I perfer Ford guys, sorry.


----------



## treeslayer

treemandan said:


> I perfer Ford guys, sorry.



you wouldn't like us then, we bid out of a benz.........


----------



## treemandan

treeslayer said:


> you wouldn't like us then, we bid out of a benz.........



Nah, I love ya bro, wish I had something for ya. But you are probably cheek deep in by now anyway, at least you will be shortly.Storms a brewin.


----------



## treeslayer

going to road tripping to VA next week I think, going to visit some guys on the way. anybody want some short term help?


----------



## Blakesmaster

treeslayer said:


> going to road tripping to VA next week I think, going to visit some guys on the way. anybody want *a short term drinking buddy*?



Sure bro, come on up. lol If I have work then I'll use you but I can't guarantee anything.


----------



## treeslayer

Originally *NOT* Posted by treeslayer 
going to road tripping to VA next week I think, going to visit some guys on the way. anybody want a short term drinking buddy?



Blakesmaster said:


> Sure bro, come on up. lol If I have work then I'll use you but I can't guarantee anything.

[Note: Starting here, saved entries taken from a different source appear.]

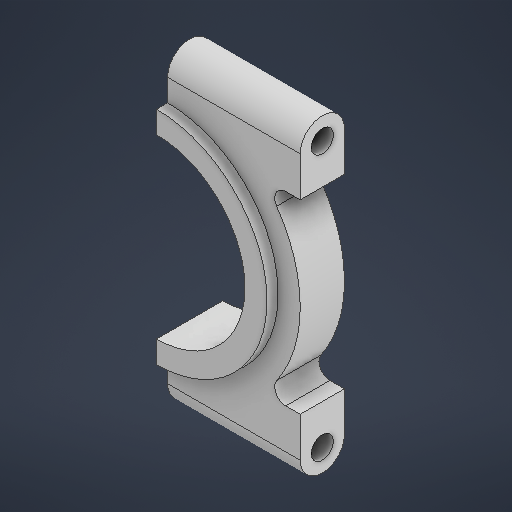
# Autodesk Inventor part: rodcap
Saved by Autodesk Inventor 2026.1 (Build 301233020, 233B)
## iProperties
Created: 2025-11-21
Part Number: rodcap
Material: Generic
Document SubType Name: Modeling
Designer: ender
Density: 1 g/cm^3
Appearance: Default
Author: ender
Autodesk Inventor part; units mm, degrees
ref_plane "YZ Plane" through (0, 0, 0) normal (1, 0, 0) x (0, 1, 0)
ref_plane "XZ Plane" through (0, 0, 0) normal (0, 1, 0) x (-1, 0, 0)
ref_plane "XY Plane" through (0, 0, 0) normal (0, 0, 1) x (1, 0, 0)
sketch "Sketch1" plane through (0, 0, 0) normal (0, 0, 1) x (1, 0, 0)
  arc A0 (0, -25.4) -> (0, 25.4) centre (0, 0) ccw
  line L0 (0, 25.4) -> (0, 44.45)
  line L1 (0, 44.45) -> (38.1, 44.45)
  line L2 (38.1, 44.45) -> (38.1, -44.45)
  line L3 (38.1, -44.45) -> (0, -44.45)
  line L4 (0, -44.45) -> (0, -25.4)
  dimension "d1" = 44.45
  dimension "d2" = 38.1
  dimension "d3" = 88.9
  dimension "d4" = 25.4
  constraints: 10 end point, 3 perpendicular, 2 point on circle, 1 centre point, 1 coincident, 1 collinear, 1 horizontal, 1 point on line, 1 vertical
  measures "d1" distance of A0.centre L0.end
  measures "d2" distance of L0.end L1.end
  measures "d3" distance of L1.end L2.end
  measures "d4" radius of A0
extrude "Extrusion1" add sketch "Sketch1" along normal mid plane 12.7
sketch "Sketch2" plane through (0, 0, 6.35) normal (0, 0, 1) x (1, 0, 0)
  line L0 (38.1, -44.45) -> (38.1, 44.45) projected
  line L1 (38.1, 26.67) -> (27.2088, 26.67)
  line L2 (38.1, 44.45) -> (0, 44.45) projected
  line L3 (38.1, -26.67) -> (27.2088, -26.67)
  line L4 (0, -44.45) -> (38.1, -44.45) projected
  arc A0 (27.2088, -26.67) -> (27.2088, 26.67) centre (0, 0) ccw
  point P0 (38.1, 0)
  dimension "d7" = 17.78
  dimension "d9" = 38.1
  constraints: 4 end point, 2 point on circle, 2 point on line, 1 centre point, 1 coincident, 1 horizontal, 1 parallel, 1 perpendicular
  measures "d7" distance between parallel lines of L2 L1
  measures "d9" radius of A0
extrude "Extrusion2" cut sketch "Sketch2" against normal through all
sketch "Sketch3" plane through (0, 0, 0) normal (0, 0, 1) x (1, 0, 0)
  arc A0 (0, -31.75) -> (0, 31.75) centre (0, 0) ccw
  arc A1 (0, -25.4) -> (0, 25.4) centre (0, 0) ccw projected
  line L0 (0, 25.4) -> (0, 31.75)
  line L1 (0, 25.4) -> (0, 44.45) projected
  line L2 (0, -25.4) -> (0, -31.75)
  line L3 (0, -44.45) -> (0, -25.4) projected
  line L4 (0, 25.4) -> (0, 31.75)
  line L5 (0, -31.75) -> (0, -25.4)
  dimension "d14" = 31.75
  constraints: 8 end point, 2 collinear, 2 point on circle, 2 point on line, 1 centre point, 1 coincident
  measures "d14" radius of A0
extrude "Extrusion3" add sketch "Sketch3" along normal mid plane 19.05
fillet "Fillet1" radius 3.175 2 edges at (27.2088, -26.67, 0) (27.2088, 26.67, 0)
fillet "Fillet2" radius 6.35 4 edges at (19.05, 44.45, 6.35) (19.05, 44.45, -6.35) (19.05, -44.45, 6.35) (19.05, -44.45, -6.35)
sketch "Sketch4" plane through (38.1, -26.67, 6.35) normal (1, 0, 0) x (0, 0, -1)
  circle A0 centre (6.35, 64.77) radius 3.175
  circle A1 centre (6.35, -11.43) radius 3.175
  arc A2 (0, -11.43) -> (12.7, -11.43) centre (6.35, -11.43) ccw projected
  arc A3 (12.7, 64.77) -> (0, 64.77) centre (6.35, 64.77) ccw projected
  point P0 (6.35, 26.67)
  dimension "d19" = 6.35
  constraints: 2 centre point, 2 concentric, 1 equal radius
  measures "d19" diameter of A0
extrude "Extrusion4" cut sketch "Sketch4" against normal through all
body "Solid1"
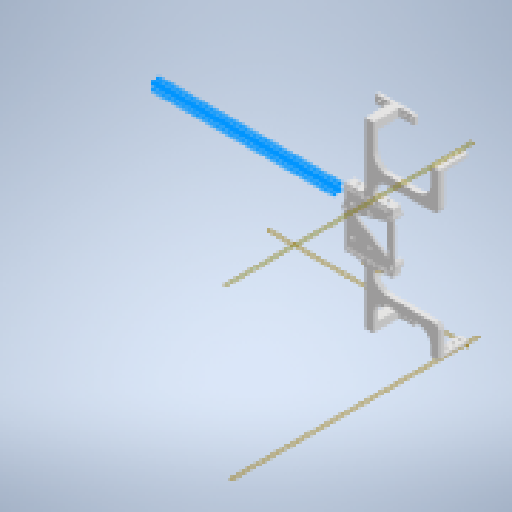
# Autodesk Inventor part: Part2
Saved by Autodesk Inventor 2024.2 (Build 282272000, 272)
## iProperties
Created: 2023-11-09
Part Number: Part2
Material: Generic
Document SubType Name: Modeling
Designer: adrie
Density: 1 g/cm^3
Appearance: Default
Author: adrie
Autodesk Inventor part; units mm, degrees
(part 1 of 2)
ref_plane "YZ Plane" through (0, 0, 0) normal (1, 0, 0) x (0, 1, 0)
sketch "Sketch1" plane through (0, 0, 0) normal (0, 0, 1) x (1, 0, 0)
  line L0 (0, 0) -> (25.9, 0) construction
  line L1 (25.9, -5) -> (25.9, 0) construction
  line L2 (0, -5) -> (25.9, -5) construction
  line L3 (2.32, -2.03) -> (2.32, -0.43) projected
  line L4 (2.32, -0.43) -> (0.72, -0.43) projected
  line L5 (0.72, -0.43) -> (0.72, -2.03) projected
  line L6 (0.72, -2.03) -> (2.32, -2.03) projected
  line L7 (2.32, -4.57) -> (2.32, -2.97) projected
  line L8 (2.32, -2.97) -> (0.72, -2.97) projected
  line L9 (0.72, -2.97) -> (0.72, -4.57) projected
  line L10 (0.72, -4.57) -> (2.32, -4.57) projected
  line L11 (4.86, -2.03) -> (4.86, -0.43) projected
  line L12 (4.86, -0.43) -> (3.26, -0.43) projected
  line L13 (3.26, -0.43) -> (3.26, -2.03) projected
  line L14 (3.26, -2.03) -> (4.86, -2.03) projected
  line L15 (4.86, -4.57) -> (4.86, -2.97) projected
  line L16 (4.86, -2.97) -> (3.26, -2.97) projected
  line L17 (3.26, -2.97) -> (3.26, -4.57) projected
  line L18 (3.26, -4.57) -> (4.86, -4.57) projected
  line L19 (7.4, -2.03) -> (7.4, -0.43) projected
  line L20 (7.4, -0.43) -> (5.8, -0.43) projected
  line L21 (5.8, -0.43) -> (5.8, -2.03) projected
  line L22 (5.8, -2.03) -> (7.4, -2.03) projected
  line L23 (7.4, -4.57) -> (7.4, -2.97) projected
  line L24 (7.4, -2.97) -> (5.8, -2.97) projected
  line L25 (5.8, -2.97) -> (5.8, -4.57) projected
  line L26 (5.8, -4.57) -> (7.4, -4.57) projected
  line L27 (9.94, -2.03) -> (9.94, -0.43) projected
  line L28 (9.94, -0.43) -> (8.34, -0.43) projected
  line L29 (8.34, -0.43) -> (8.34, -2.03) projected
  line L30 (8.34, -2.03) -> (9.94, -2.03) projected
  line L31 (9.94, -4.57) -> (9.94, -2.97) projected
  line L32 (9.94, -2.97) -> (8.34, -2.97) projected
  line L33 (8.34, -2.97) -> (8.34, -4.57) projected
  line L34 (8.34, -4.57) -> (9.94, -4.57) projected
  line L35 (12.48, -2.03) -> (12.48, -0.43) projected
  line L36 (12.48, -0.43) -> (10.88, -0.43) projected
  line L37 (10.88, -0.43) -> (10.88, -2.03) projected
  line L38 (10.88, -2.03) -> (12.48, -2.03) projected
  line L39 (12.48, -4.57) -> (12.48, -2.97) projected
  line L40 (12.48, -2.97) -> (10.88, -2.97) projected
  line L41 (10.88, -2.97) -> (10.88, -4.57) projected
  line L42 (10.88, -4.57) -> (12.48, -4.57) projected
  line L43 (15.02, -2.03) -> (15.02, -0.43) projected
  line L44 (15.02, -0.43) -> (13.42, -0.43) projected
  line L45 (13.42, -0.43) -> (13.42, -2.03) projected
  line L46 (13.42, -2.03) -> (15.02, -2.03) projected
  line L47 (15.02, -4.57) -> (15.02, -2.97) projected
  line L48 (15.02, -2.97) -> (13.42, -2.97) projected
  line L49 (13.42, -2.97) -> (13.42, -4.57) projected
  line L50 (13.42, -4.57) -> (15.02, -4.57) projected
  line L51 (17.56, -2.03) -> (17.56, -0.43) projected
  line L52 (17.56, -0.43) -> (15.96, -0.43) projected
  line L53 (15.96, -0.43) -> (15.96, -2.03) projected
  line L54 (15.96, -2.03) -> (17.56, -2.03) projected
  line L55 (17.56, -4.57) -> (17.56, -2.97) projected
  line L56 (17.56, -2.97) -> (15.96, -2.97) projected
  line L57 (15.96, -2.97) -> (15.96, -4.57) projected
  line L58 (15.96, -4.57) -> (17.56, -4.57) projected
  line L59 (20.1, -2.03) -> (20.1, -0.43) projected
  line L60 (20.1, -0.43) -> (18.5, -0.43) projected
  line L61 (18.5, -0.43) -> (18.5, -2.03) projected
  line L62 (18.5, -2.03) -> (20.1, -2.03) projected
  line L63 (20.1, -4.57) -> (20.1, -2.97) projected
  line L64 (20.1, -2.97) -> (18.5, -2.97) projected
  line L65 (18.5, -2.97) -> (18.5, -4.57) projected
  line L66 (18.5, -4.57) -> (20.1, -4.57) projected
  line L67 (22.64, -2.03) -> (22.64, -0.43) projected
  line L68 (22.64, -0.43) -> (21.04, -0.43) projected
  line L69 (21.04, -0.43) -> (21.04, -2.03) projected
  line L70 (21.04, -2.03) -> (22.64, -2.03) projected
  line L71 (22.64, -4.57) -> (22.64, -2.97) projected
  line L72 (22.64, -2.97) -> (21.04, -2.97) projected
  line L73 (21.04, -2.97) -> (21.04, -4.57) projected
  line L74 (21.04, -4.57) -> (22.64, -4.57) projected
  line L75 (25.18, -2.03) -> (25.18, -0.43) projected
  line L76 (25.18, -0.43) -> (23.58, -0.43) projected
  line L77 (23.58, -0.43) -> (23.58, -2.03) projected
  line L78 (23.58, -2.03) -> (25.18, -2.03) projected
  line L79 (25.18, -4.57) -> (25.18, -2.97) projected
  line L80 (25.18, -2.97) -> (23.58, -2.97) projected
  line L81 (23.58, -2.97) -> (23.58, -4.57) projected
  line L82 (23.58, -4.57) -> (25.18, -4.57) projected
  line L83 (-25.9, -5) -> (-25.9, 0) construction
  line L84 (-25.9, 0) -> (0, 0) construction
  line L85 (-25.9, -5) -> (0, -5) construction
  line L86 (-23.58, -2.03) -> (-23.58, -0.43) projected
  line L87 (-23.58, -0.43) -> (-25.18, -0.43) projected
  line L88 (-25.18, -0.43) -> (-25.18, -2.03) projected
  line L89 (-25.18, -2.03) -> (-23.58, -2.03) projected
  line L90 (-23.58, -4.57) -> (-23.58, -2.97) projected
  line L91 (-23.58, -2.97) -> (-25.18, -2.97) projected
  line L92 (-25.18, -2.97) -> (-25.18, -4.57) projected
  line L93 (-25.18, -4.57) -> (-23.58, -4.57) projected
  line L94 (-21.04, -2.03) -> (-21.04, -0.43) projected
  line L95 (-21.04, -0.43) -> (-22.64, -0.43) projected
  line L96 (-22.64, -0.43) -> (-22.64, -2.03) projected
  line L97 (-22.64, -2.03) -> (-21.04, -2.03) projected
  line L98 (-21.04, -4.57) -> (-21.04, -2.97) projected
  line L99 (-21.04, -2.97) -> (-22.64, -2.97) projected
  line L100 (-22.64, -2.97) -> (-22.64, -4.57) projected
  line L101 (-22.64, -4.57) -> (-21.04, -4.57) projected
  line L102 (-18.5, -2.03) -> (-18.5, -0.43) projected
  line L103 (-18.5, -0.43) -> (-20.1, -0.43) projected
  line L104 (-20.1, -0.43) -> (-20.1, -2.03) projected
  line L105 (-20.1, -2.03) -> (-18.5, -2.03) projected
  line L106 (-18.5, -4.57) -> (-18.5, -2.97) projected
  line L107 (-18.5, -2.97) -> (-20.1, -2.97) projected
  line L108 (-20.1, -2.97) -> (-20.1, -4.57) projected
  line L109 (-20.1, -4.57) -> (-18.5, -4.57) projected
  line L110 (-15.96, -2.03) -> (-15.96, -0.43) projected
  line L111 (-15.96, -0.43) -> (-17.56, -0.43) projected
  line L112 (-17.56, -0.43) -> (-17.56, -2.03) projected
  line L113 (-17.56, -2.03) -> (-15.96, -2.03) projected
  line L114 (-15.96, -4.57) -> (-15.96, -2.97) projected
  line L115 (-15.96, -2.97) -> (-17.56, -2.97) projected
  line L116 (-17.56, -2.97) -> (-17.56, -4.57) projected
  line L117 (-17.56, -4.57) -> (-15.96, -4.57) projected
  line L118 (-13.42, -2.03) -> (-13.42, -0.43) projected
  line L119 (-13.42, -0.43) -> (-15.02, -0.43) projected
  line L120 (-15.02, -0.43) -> (-15.02, -2.03) projected
  line L121 (-15.02, -2.03) -> (-13.42, -2.03) projected
  line L122 (-13.42, -4.57) -> (-13.42, -2.97) projected
  line L123 (-13.42, -2.97) -> (-15.02, -2.97) projected
  line L124 (-15.02, -2.97) -> (-15.02, -4.57) projected
  line L125 (-15.02, -4.57) -> (-13.42, -4.57) projected
  line L126 (-10.88, -2.03) -> (-10.88, -0.43) projected
  line L127 (-10.88, -0.43) -> (-12.48, -0.43) projected
  line L128 (-12.48, -0.43) -> (-12.48, -2.03) projected
  line L129 (-12.48, -2.03) -> (-10.88, -2.03) projected
  line L130 (-10.88, -4.57) -> (-10.88, -2.97) projected
  line L131 (-10.88, -2.97) -> (-12.48, -2.97) projected
  line L132 (-12.48, -2.97) -> (-12.48, -4.57) projected
  line L133 (-12.48, -4.57) -> (-10.88, -4.57) projected
  line L134 (-8.34, -2.03) -> (-8.34, -0.43) projected
  line L135 (-8.34, -0.43) -> (-9.94, -0.43) projected
  line L136 (-9.94, -0.43) -> (-9.94, -2.03) projected
  line L137 (-9.94, -2.03) -> (-8.34, -2.03) projected
  line L138 (-8.34, -4.57) -> (-8.34, -2.97) projected
  line L139 (-8.34, -2.97) -> (-9.94, -2.97) projected
  line L140 (-9.94, -2.97) -> (-9.94, -4.57) projected
  line L141 (-9.94, -4.57) -> (-8.34, -4.57) projected
  line L142 (-5.8, -2.03) -> (-5.8, -0.43) projected
  line L143 (-5.8, -0.43) -> (-7.4, -0.43) projected
  line L144 (-7.4, -0.43) -> (-7.4, -2.03) projected
  line L145 (-7.4, -2.03) -> (-5.8, -2.03) projected
  line L146 (-5.8, -4.57) -> (-5.8, -2.97) projected
  line L147 (-5.8, -2.97) -> (-7.4, -2.97) projected
  line L148 (-7.4, -2.97) -> (-7.4, -4.57) projected
  line L149 (-7.4, -4.57) -> (-5.8, -4.57) projected
  line L150 (-3.26, -2.03) -> (-3.26, -0.43) projected
  line L151 (-3.26, -0.43) -> (-4.86, -0.43) projected
  line L152 (-4.86, -0.43) -> (-4.86, -2.03) projected
  line L153 (-4.86, -2.03) -> (-3.26, -2.03) projected
  line L154 (-3.26, -4.57) -> (-3.26, -2.97) projected
  line L155 (-3.26, -2.97) -> (-4.86, -2.97) projected
  line L156 (-4.86, -2.97) -> (-4.86, -4.57) projected
  line L157 (-4.86, -4.57) -> (-3.26, -4.57) projected
  line L158 (-0.72, -2.03) -> (-0.72, -0.43) projected
  line L159 (-0.72, -0.43) -> (-2.32, -0.43) projected
  line L160 (-2.32, -0.43) -> (-2.32, -2.03) projected
  line L161 (-2.32, -2.03) -> (-0.72, -2.03) projected
  line L162 (-0.72, -4.57) -> (-0.72, -2.97) projected
  line L163 (-0.72, -2.97) -> (-2.32, -2.97) projected
  line L164 (-2.32, -2.97) -> (-2.32, -4.57) projected
  line L165 (-2.32, -4.57) -> (-0.72, -4.57) projected
  line L166 (-25.9, 55.92) -> (-25.9, 60.92) projected
  line L167 (-25.9, 60.92) -> (0, 60.92) projected
  line L168 (-25.9, 55.92) -> (0, 55.92) projected
  line L169 (-23.58, 58.89) -> (-23.58, 60.49) projected
  line L170 (-23.58, 60.49) -> (-25.18, 60.49) projected
  line L171 (-25.18, 60.49) -> (-25.18, 58.89) projected
  line L172 (-25.18, 58.89) -> (-23.58, 58.89) projected
  line L173 (-23.58, 56.35) -> (-23.58, 57.95) projected
  line L174 (-23.58, 57.95) -> (-25.18, 57.95) projected
  line L175 (-25.18, 57.95) -> (-25.18, 56.35) projected
  line L176 (-25.18, 56.35) -> (-23.58, 56.35) projected
  line L177 (-21.04, 58.89) -> (-21.04, 60.49) projected
  line L178 (-21.04, 60.49) -> (-22.64, 60.49) projected
  line L179 (-22.64, 60.49) -> (-22.64, 58.89) projected
  line L180 (-22.64, 58.89) -> (-21.04, 58.89) projected
  line L181 (-21.04, 56.35) -> (-21.04, 57.95) projected
  line L182 (-21.04, 57.95) -> (-22.64, 57.95) projected
  line L183 (-22.64, 57.95) -> (-22.64, 56.35) projected
  line L184 (-22.64, 56.35) -> (-21.04, 56.35) projected
  line L185 (-18.5, 58.89) -> (-18.5, 60.49) projected
  line L186 (-18.5, 60.49) -> (-20.1, 60.49) projected
  line L187 (-20.1, 60.49) -> (-20.1, 58.89) projected
  line L188 (-20.1, 58.89) -> (-18.5, 58.89) projected
  line L189 (-18.5, 56.35) -> (-18.5, 57.95) projected
  line L190 (-18.5, 57.95) -> (-20.1, 57.95) projected
  line L191 (-20.1, 57.95) -> (-20.1, 56.35) projected
  line L192 (-20.1, 56.35) -> (-18.5, 56.35) projected
  line L193 (-15.96, 58.89) -> (-15.96, 60.49) projected
  line L194 (-15.96, 60.49) -> (-17.56, 60.49) projected
  line L195 (-17.56, 60.49) -> (-17.56, 58.89) projected
  line L196 (-17.56, 58.89) -> (-15.96, 58.89) projected
  line L197 (-15.96, 56.35) -> (-15.96, 57.95) projected
  line L198 (-15.96, 57.95) -> (-17.56, 57.95) projected
  line L199 (-17.56, 57.95) -> (-17.56, 56.35) projected
  line L200 (-17.56, 56.35) -> (-15.96, 56.35) projected
  line L201 (-13.42, 58.89) -> (-13.42, 60.49) projected
  line L202 (-13.42, 60.49) -> (-15.02, 60.49) projected
  line L203 (-15.02, 60.49) -> (-15.02, 58.89) projected
  line L204 (-15.02, 58.89) -> (-13.42, 58.89) projected
  line L205 (-13.42, 56.35) -> (-13.42, 57.95) projected
  line L206 (-13.42, 57.95) -> (-15.02, 57.95) projected
  line L207 (-15.02, 57.95) -> (-15.02, 56.35) projected
  line L208 (-15.02, 56.35) -> (-13.42, 56.35) projected
  line L209 (-10.88, 58.89) -> (-10.88, 60.49) projected
  line L210 (-10.88, 60.49) -> (-12.48, 60.49) projected
  line L211 (-12.48, 60.49) -> (-12.48, 58.89) projected
  line L212 (-12.48, 58.89) -> (-10.88, 58.89) projected
  line L213 (-10.88, 56.35) -> (-10.88, 57.95) projected
  line L214 (-10.88, 57.95) -> (-12.48, 57.95) projected
  line L215 (-12.48, 57.95) -> (-12.48, 56.35) projected
  line L216 (-12.48, 56.35) -> (-10.88, 56.35) projected
  line L217 (-8.34, 58.89) -> (-8.34, 60.49) projected
  line L218 (-8.34, 60.49) -> (-9.94, 60.49) projected
  line L219 (-9.94, 60.49) -> (-9.94, 58.89) projected
  line L220 (-9.94, 58.89) -> (-8.34, 58.89) projected
  line L221 (-8.34, 56.35) -> (-8.34, 57.95) projected
  line L222 (-8.34, 57.95) -> (-9.94, 57.95) projected
  line L223 (-9.94, 57.95) -> (-9.94, 56.35) projected
  line L224 (-9.94, 56.35) -> (-8.34, 56.35) projected
  line L225 (-5.8, 58.89) -> (-5.8, 60.49) projected
  line L226 (-5.8, 60.49) -> (-7.4, 60.49) projected
  line L227 (-7.4, 60.49) -> (-7.4, 58.89) projected
  line L228 (-7.4, 58.89) -> (-5.8, 58.89) projected
  line L229 (-5.8, 56.35) -> (-5.8, 57.95) projected
  line L230 (-5.8, 57.95) -> (-7.4, 57.95) projected
  line L231 (-7.4, 57.95) -> (-7.4, 56.35) projected
  line L232 (-7.4, 56.35) -> (-5.8, 56.35) projected
  line L233 (-3.26, 58.89) -> (-3.26, 60.49) projected
  line L234 (-3.26, 60.49) -> (-4.86, 60.49) projected
  line L235 (-4.86, 60.49) -> (-4.86, 58.89) projected
  line L236 (-4.86, 58.89) -> (-3.26, 58.89) projected
  line L237 (-3.26, 56.35) -> (-3.26, 57.95) projected
  line L238 (-3.26, 57.95) -> (-4.86, 57.95) projected
  line L239 (-4.86, 57.95) -> (-4.86, 56.35) projected
  line L240 (-4.86, 56.35) -> (-3.26, 56.35) projected
  line L241 (-0.72, 58.89) -> (-0.72, 60.49) projected
  line L242 (-0.72, 60.49) -> (-2.32, 60.49) projected
  line L243 (-2.32, 60.49) -> (-2.32, 58.89) projected
  line L244 (-2.32, 58.89) -> (-0.72, 58.89) projected
  line L245 (-0.72, 56.35) -> (-0.72, 57.95) projected
  line L246 (-0.72, 57.95) -> (-2.32, 57.95) projected
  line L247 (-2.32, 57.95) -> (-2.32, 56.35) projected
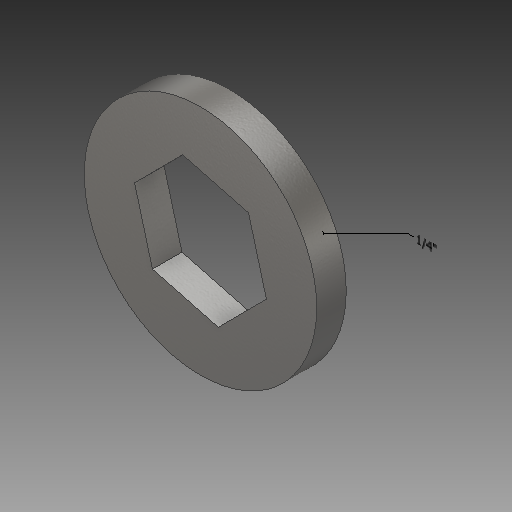
# Autodesk Inventor part: 1-4inch_KnifeSpacer_Piece1
Saved by Autodesk Inventor 2018 (Build 220112000, 112)
## iProperties
Created: 2018-01-21
Part Number: 1-4inch_KnifeSpacer_Piece1
Material: Generic
Document SubType Name: Modeling
Designer: Olivier
Density: 1 g/cm^3
Appearance: Default
Mass: 8.92029 g
Surface Area: 43.6572 cm^2
Volume: 8.92029 cm^3
Author: Olivier
Autodesk Inventor part; units mm, degrees
ref_plane "YZ Plane" through (0, 0, 0) normal (1, 0, 0) x (0, 1, 0)
ref_plane "XZ Plane" through (0, 0, 0) normal (0, 1, 0) x (-1, 0, 0)
ref_plane "XY Plane" through (0, 0, 0) normal (0, 0, 1) x (1, 0, 0)
sketch "Sketch1" plane through (0, 0, 0) normal (0, 0, 1) x (1, 0, 0)
  circle A0 centre (-75, 0) radius 25
  circle A1 centre (-75, 0) radius 25
  line L0 (-78.8445, 14.1518) -> (-64.6664, 10.4053)
  line L1 (-64.6664, 10.4053) -> (-60.8219, -3.7465)
  line L2 (-60.8219, -3.7465) -> (-71.1555, -14.1518)
  line L3 (-71.1555, -14.1518) -> (-85.3336, -10.4053)
  line L4 (-85.3336, -10.4053) -> (-89.1781, 3.7465)
  line L5 (-89.1781, 3.7465) -> (-78.8445, 14.1518)
  point P0 (0, 0)
  constraints: 12 end point, 2 centre point
extrude "Extrusion1" add sketch "Sketch1" along normal blind 6.35
body "Solid1"

not coming to drink, but work and see my kids. and I don't like being misquoted.


----------



## Blakesmaster

treeslayer said:


> Originally *NOT* Posted by treeslayer
> going to road tripping to VA next week I think, going to visit some guys on the way. anybody want a short term drinking buddy?
> 
> 
> 
> 
> not coming to drink, but work and see my kids. and I don't like being misquoted.



I was just inviting you up for a coupla beers, bro. Relax.


----------



## treeslayer

Blakesmaster said:


> I was just inviting you up for a coupla beers, bro. Relax.



well dang bro, looks like a via point on the GPS.


----------



## Blakesmaster

Plug it in. Like I said, I don't have a big work load now, but ya never know.


----------



## treeslayer

my phone is ringing off the hook today, go figure......


----------



## treemandan

treeslayer said:


> Originally *NOT* Posted by treeslayer
> going to road tripping to VA next week I think, going to visit some guys on the way. anybody want a short term drinking buddy?
> 
> 
> 
> 
> not coming to drink, but work and see my kids. and I don't like being misquoted.



I thought it was a pretty smart joke but possibly in subjective poor taste. I think I could use a short term drinking buddy though.


----------



## treeslayer

He got me good.


----------



## jordano

come to ct? whats your phone number?


----------



## tree MDS

jordano said:


> come to ct? whats your phone number?



What do you need a "contract climber" for?? You can't climb your own trees? .. or are you just that busy?

BTW: welcome the the site!


----------



## treeclimber101

tree MDS said:


> What do you need a "contract climber" for?? You can't climb your own trees? .. or are you just that busy?
> 
> BTW: welcome the the site!



Don't be jealous that he's busier than you


----------



## treeslayer

he knows I'm a good drinking buddy.

pm sent.


----------



## jordano

actually i was hoping to get off the jobsites a little more to find more work. if i took someone on they would spend most of their time in the bucket, but would need to be able to climb when necessary. what part of ct are you from?


----------



## tree MDS

jordano said:


> actually i was hoping to get off the jobsites a little more to find more work. if i took someone on they would spend most of their time in the bucket, but would need to be able to climb when necessary. what part of ct are you from?



Northwest corner. You?


----------